He then tells me in passing that they met on the business trip he went to and had got on really well. I asked if anything had happened and if that had been why he'd picked a big row when he'd got back from the trip, he ended up on his knees in front of me with his face right in mine shouting full volume at me "Listen to me, I've never been near another woman" which left me shaking and shocked. 

He took her off FB no idea if they still have contact. 

Am I reading too much into this? I have a horrible niggly doubt that something did go on but he would always deny that and I have no way of ever getting any proof. 

Thanks


----------



## Works (Apr 3, 2016)

Plum said:


> Husband went on a 4 day business a while back, not much communication from him while away, just a text to say he'd arrived and one later in evening to ask if I was free for a call. Next day just a text in evening to ask if free to chat again.
> 
> No other communication, no details of where he was staying. Past business trips he's made an effort to message throughout the day and given me details.
> 
> ...


You are NOT reading too much into this. Always trust your gut.


----------



## snowbum (Dec 14, 2021)

I think your instincts are telling you something.


----------



## Openminded (Feb 21, 2013)

He’s never going to tell you if anything happened so you’ll have to decide what you’re going to do without his input.


----------



## *Deidre* (Feb 7, 2016)

I'd check in now and again, to see if he adds her back on FB. Hard to say. Everything he could have told you about his dead battery, and so on...could be true. You know him better than us, if he's always been truthful about innocuous things like that, then he could be telling the truth. But, it's odd to be in another country, and just not check in more often, and ask how you are. His screaming at you is telling though.

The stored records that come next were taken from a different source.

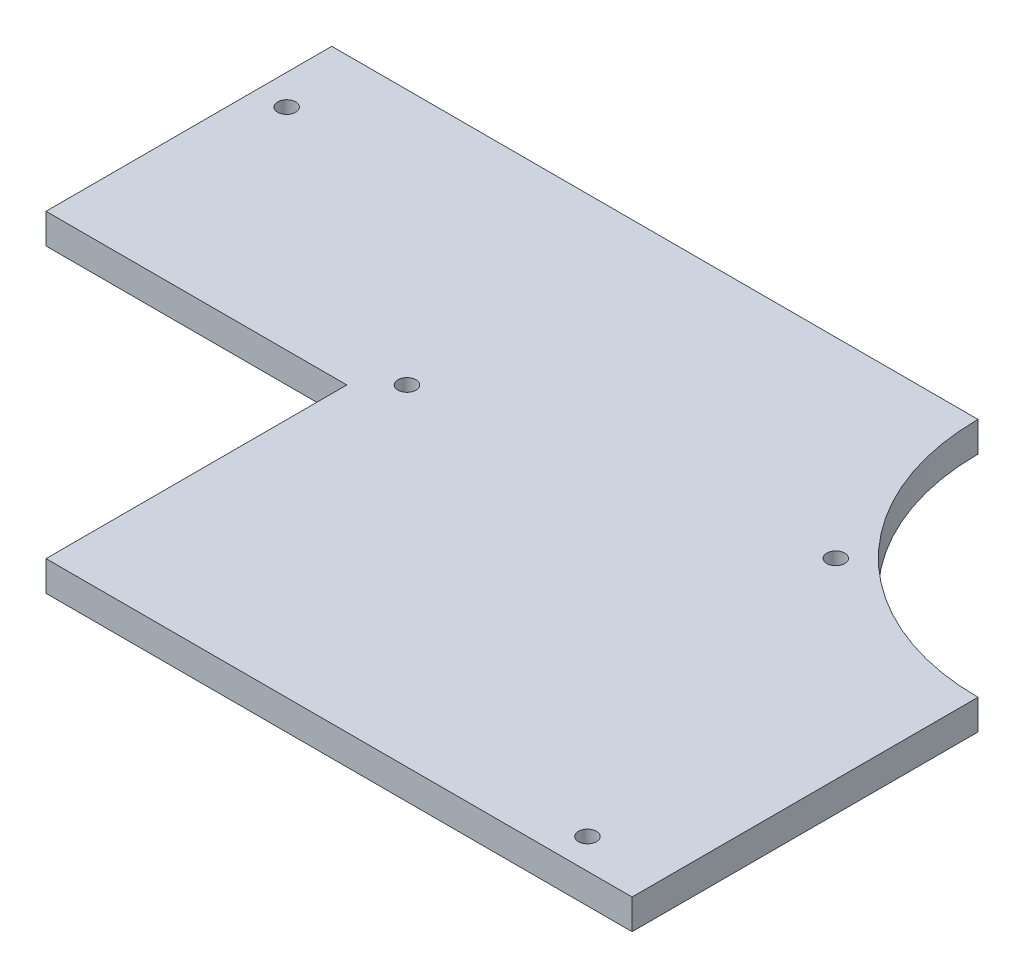
from build123d import *

# Parameters (mm, degrees)
ESQUISSE1_R        = 1.5
BOSS_EXTRU_1_DEPTH = 5


with BuildPart() as part:
    # Esquisse1 → Boss.-Extru.1 (new body)
    with BuildSketch(Plane(origin=(0, 0, 0), x_dir=(1, 0, 0), z_dir=(0, 1, 0))):
        with BuildLine():
            Line((-97.415, -97.415), (0, -97.415))
            Line((0, -97.415), (0, -39.915))
            ThreePointArc((0, -39.915), (-28.284271247, -28.199271247), (-40, 0.085))
            Line((-40, 0.085), (-147.415, 0.085))
            Line((-147.415, 0.085), (-147.415, -47.415))
            Line((-147.415, -47.415), (-97.415, -47.415))
            Line((-97.415, -47.415), (-97.415, -97.415))
        make_face()
        with Locations(Location((-12.415, -92.415, 0), (0, 0, 270))):
            Circle(ESQUISSE1_R, mode=Mode.SUBTRACT)
        with Locations(Location((-92.415, -42.415, 0), (0, 0, 270))):
            Circle(ESQUISSE1_R, mode=Mode.SUBTRACT)
        with Locations(Location((-142.415, -12.415, 0), (0, 0, 270))):
            Circle(ESQUISSE1_R, mode=Mode.SUBTRACT)
        with Locations(Location((-31.819805153, -31.734805153, 0), (0, 0, 270))):
            Circle(ESQUISSE1_R, mode=Mode.SUBTRACT)
    extrude(amount=BOSS_EXTRU_1_DEPTH)


solid = part.part

Also, that he told you he's not the one for you, what does that even mean? Of course, he could be offended that you are implying you don't trust him, but there could be more. Just see what the next few weeks bring, and see what happens.

Check the phone bill now and again as well, as others may suggest here. If he unfriended her on FB, he may have her number, and could be staying in touch that way. At the very least, he hung out with another woman during a business trip and didn't stay in contact with you, giving you excuses. I'd also see if he charged anything like an expensive dinner with her, or something, from that trip.

This doesn't mean he's having an affair, but just be observant. Not obsessed, just observant.


----------



## LisaDiane (Jul 22, 2019)

Plum said:


> Husband went on a 4 day business a while back, not much communication from him while away, just a text to say he'd arrived and one later in evening to ask if I was free for a call. Next day just a text in evening to ask if free to chat again.
> 
> No other communication, no details of where he was staying. Past business trips he's made an effort to message throughout the day and given me details.
> 
> ...


This sounds similar to how he behaved about a year and a half ago....did you guys ever resolve those issues between you two? How have things been since...have you been getting along, or are you still struggling and not having sex?

Those are important questions, because it might show a pattern and if you are still both unable to connect emotionally or physically, it weakens your marriage and makes cheating more likely.


----------



## Not (Jun 12, 2017)

So it sounds like he becomes enraged when he feels you've backed him into a corner. He begins to panic and tries to take back control by a show of dominance. To me, it's a sure sign of guilt. It's another form of lying because he knows he can't talk his way out so he bullies his way out.


----------



## ShatteredKat (Mar 23, 2016)

Post #6 - it is a plain truth

Ma'am - you have a problem and it is a male with the name on your marriage license.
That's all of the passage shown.